***** Records supplied *****

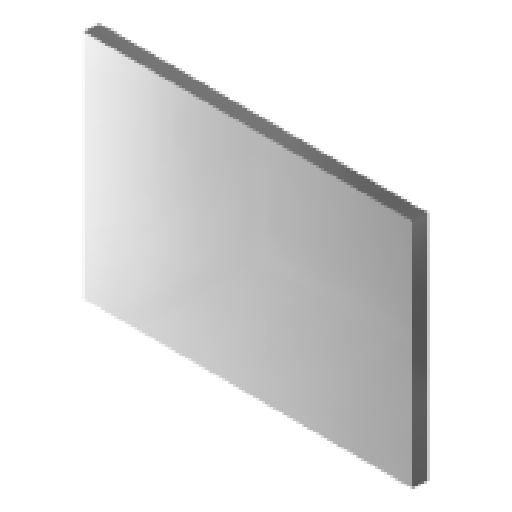
# Autodesk Inventor part: 00_3M_StickyPad
Saved by Autodesk Inventor 2025.1 (Build 291241000, 241)
## iProperties
Created: 2024-10-22
Part Number: 00_3M_StickyPad
Material: Generic
Document SubType Name: Modeling
Designer: Muriel
Density: 1 g/cm^3
Appearance: Chrome - Polished
Author: Muriel
Autodesk Inventor part; units mm, degrees
ref_plane "YZ Plane" through (0, 0, 0) normal (1, 0, 0) x (0, 1, 0)
ref_plane "XZ Plane" through (0, 0, 0) normal (0, 1, 0) x (-1, 0, 0)
ref_plane "XY Plane" through (0, 0, 0) normal (0, 0, 1) x (1, 0, 0)
sketch "Sketch1" plane through (0, 0, 0) normal (0, 0, 1) x (1, 0, 0)
  line L0 (-11, -7.75) -> (11, -7.75)
  line L1 (11, -7.75) -> (11, 7.75)
  line L2 (11, 7.75) -> (-11, 7.75)
  line L3 (-11, 7.75) -> (-11, -7.75)
  line L4 (-11, -7.75) -> (11, 7.75) construction
  line L5 (11, -7.75) -> (-11, 7.75) construction
  point P0 (0, 0)
  dimension "d0" = 22
  dimension "d1" = 15.5
  constraints: 12 end point, 2 midpoint, 2 parallel, 1 horizontal, 1 perpendicular
  measures "d0" distance of L2.end L1.end
  measures "d1" distance of L1.end L0.end
extrude "Extrusion1" add sketch "Sketch1" along normal blind 1
body "Solid1"

*****

What you need to do. What are the lines of the data above that include the string "Inventor"? Copy them.

Solution to this task.
# Autodesk Inventor part: 00_3M_StickyPad
Saved by Autodesk Inventor 2025.1 (Build 291241000, 241)
Autodesk Inventor part; units mm, degrees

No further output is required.